Oops! Perhaps that's not such a good example, though, given my tentative feelings initially, but it is interesting in that the next country we were to visit, Romania, seems to have hijacked that word - at least in Transylvania. But all of that is for another story.

We entered Serbia from Hungary to the north - and held our breath. This was our first experience of a Balkan country and we didn't know what to expect. Surprise #2: a border is just an arbitrary line, and the countryside continued as it had on the Great Hungarian Plain we had just driven through. That meant eye-stretching views across flat fields on either side of the road; chocolate soil covered with swathes of fluoro yellow canola in full bloom, as if someone had swiped the foreground with a giant yellow highlighter pen.

First destination was Novi Sad, with a population of around 200,000. My  invaluable Lonely Planet Eastern Europe guidebook was easily accessible as I had downloaded it via Kindle onto my iPad. It told me Novi Sad was founded in 1694, when Serb merchants formed a colony across the Danube. 

Arriving on May 1stLabour Day, we found a relaxed holiday feel to the town. Every book I had read talked about the Petrovaradin Fortress, established by the Habsburgs as a strategic military post overlooking the city and, of course, the famous Danube, Europe's second-longest river. Only the Volga river is longer.

Surprise #3 (there were to be many more!) is that the Danube flows east, not west as I had mistakenly imagined. On this trip it popped up beside us in several more places.

As we had arrived in town just before sundown, the obvious thing to do was drive up to the Fortress, which some call the Gibraltar of the Danube and see what it was all about. Fortunately it was an easy drive (no walking, no steep steps) and good parking. The stylish restaurant has an outdoor area that overlooks the town with its magical wraparound night-time view. You can decide which you like better: there is a daytime shot, a little further on, below.

For our first night in Serbia I had booked an apartment rather than a hotel room. I used booking.com throughout, but at this stage I was still learning the ropes of dealing with the accommodation. We didn't realise that apartments usually do not have a reception desk and that I should phone ahead and arrange with the owner to meet us and let us in.

On this occasion, my Australian mobile phone couldn't seem to raise the number, and so a kind person in an adjoining cafe phoned for me on her mobile, and all was well. We discovered our hostess spoke very good English, and our apartment turned out to be a spotless compact studio with a sofa that became our bed for the night. It was ideal.

Surprises #4 & #5: Local people are usually happy to help strangers, and (biggest surprise) many people in the Balkans, especially younger ones, speak English and often exceptionally well - but not, perhaps, as young as this little fellow enjoying his visit to the fortress!

You won't be surprised to learn that after even a few hours into our time in Serbia, I was becoming much more relaxed.

Next morning we explored Novi Sad's town centre, with The Name of Mary Catholic church (above) to one side...... 

...and City Hall opposite. I'll shortly explain why Trg Slobode (Freedom Square) looks like this.

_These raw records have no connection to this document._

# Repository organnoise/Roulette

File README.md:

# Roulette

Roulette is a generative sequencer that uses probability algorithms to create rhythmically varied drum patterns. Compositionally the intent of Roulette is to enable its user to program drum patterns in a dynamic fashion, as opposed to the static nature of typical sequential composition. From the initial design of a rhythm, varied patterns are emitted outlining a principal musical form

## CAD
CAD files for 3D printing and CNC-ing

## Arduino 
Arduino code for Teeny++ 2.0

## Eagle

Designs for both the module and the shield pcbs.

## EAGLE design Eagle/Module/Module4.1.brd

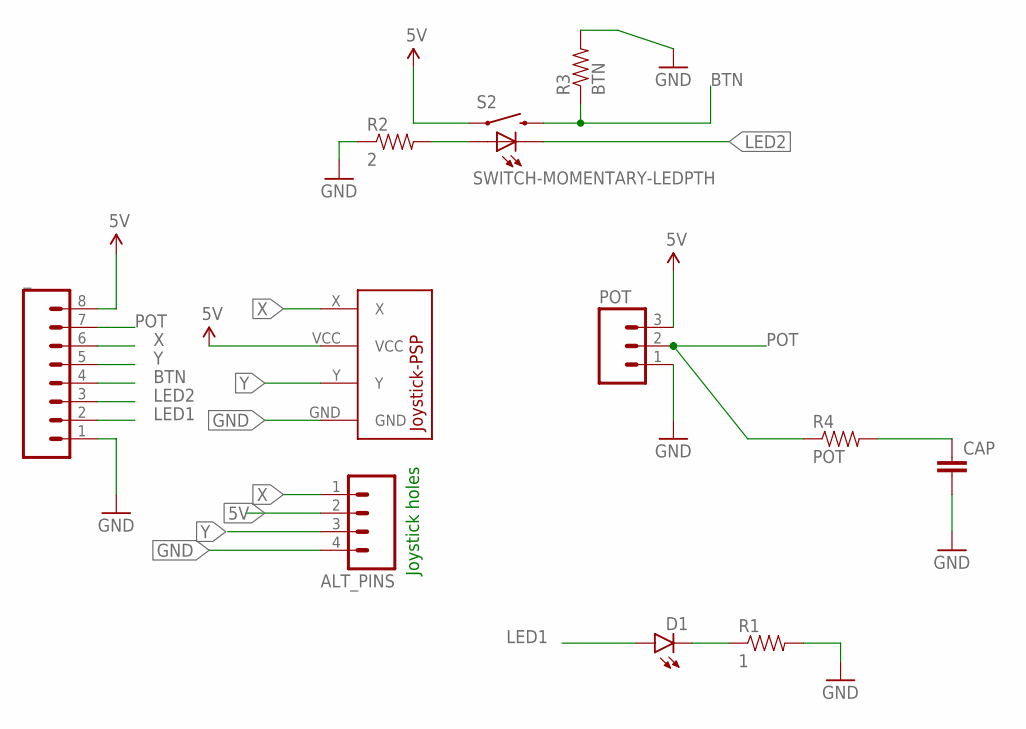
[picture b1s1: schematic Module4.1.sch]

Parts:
ALT_PINS: M04NO_SILK_ALL_ROUND; 1X04_NO_SILK_ALL_ROUND
CAP: CAPEZ; CAP-PTH-SMALLEZ
D1: LED3MM
POT: M031X03_NO_SILK; 1X03_NO_SILK
R1: 1; AXIAL-0.3-KIT
R2: 2; AXIAL-0.3-KIT
R3: BTN; AXIAL-0.3-KIT
R4: POT; AXIAL-0.3-KIT
S2: SWITCH-MOMENTARY-LEDPTH; TACTILE-PTH-LED-12MM
U$1: JOYSTICK-PSP1000
_: M08; 1X08_ROUND

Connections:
5V: ALT_PINS.2, POT.3, S2.4 (1), U$1.VCC, _.8
BTN: R3.P$1 (1), S2.2, _.4
GND: ALT_PINS.4, CAP.2, POT.1, R1.P$2 (2), R2.P$1 (1), R3.P$2 (2), U$1.GND, _.1
LED1: D1.A, _.2
LED2: S2.C, _.3
unnamed: D1.K (C), R1.P$1 (1)
unnamed: R2.P$2 (2), S2.A
unnamed: CAP.1, R4.P$2 (2)
POT: POT.2, R4.P$1 (1), _.7
X: ALT_PINS.1, U$1.X, _.6
Y: ALT_PINS.3, U$1.Y, _.5

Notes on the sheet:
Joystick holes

But first we needed breakfast and this, the Antina Cafe on the edge of the square seemed ideal. Our studio had a small kitchen but we had not yet exchanged out forints (Hungarian money) for Serbian dinar and not shopped for any groceries.

Another lesson. Keep a list of all the currencies with their conversion into both Euros (often accepted) and your own currency (in our case AUD). Here, the exchange rate was tricky to calculate too - 88 Serbian dinars to one Australian dollar. Good exercise for my rusty mental arithmetic.

FYI, on this trip we travelled through 13 countries, with 10 currencies and 13 languages! Keep following this site and you will see (and read about) them all, complete with Gordon's lovely videos to bring them even more alive. It took us 55 days and we stayed in 32 hotels, and crossed 19 borders. Gordon drove the whole 7300 kilometres in our rental car, on everything from potholed back roads to sleek autoways.

Is there a book in all this? Maybe.

It would be a shame to leave that church, which was rebuilt in 1893, without a closer look at the tiled steeple. How glorious are those thousands of ceramic tiles?

Outside in the square is this fellow who appears to be admonishing the church. Did he not approve of the colour scheme of those tiles, perhaps? No, he is Svetozar Miletić, 19th-century Novi Sad mayor and champion of Serbian political rights.

Those booths you could see earlier in Freedom Square were part of a Food Fair. This was Day One and it would run for the entire month of May. Many countries were represented, serving their iconic national foods, but of course I zeroed in on this one.

Other booths sold trinkets and souvenirs or specific food such as this honey stall. Just look at the amazing number of items using honey. In a country with so much agricultural land the local bees must literally have a field-day!

Due to head on to Belgrade, Serbia's capital, an hour or so away, we needed to see the Fortress by day.

What better weather for the Labour Day weekend? Sunny and 20C, but as the weather people say 'feels like 25C, and everyone was out to enjoy it. 

The cafes and restaurants were busy, but not overcrowded.

 
Keep your eye on that clock in the observation courtyard...

...and, as promised, there is that view across the Danube, which we later saw one last time before leaving town.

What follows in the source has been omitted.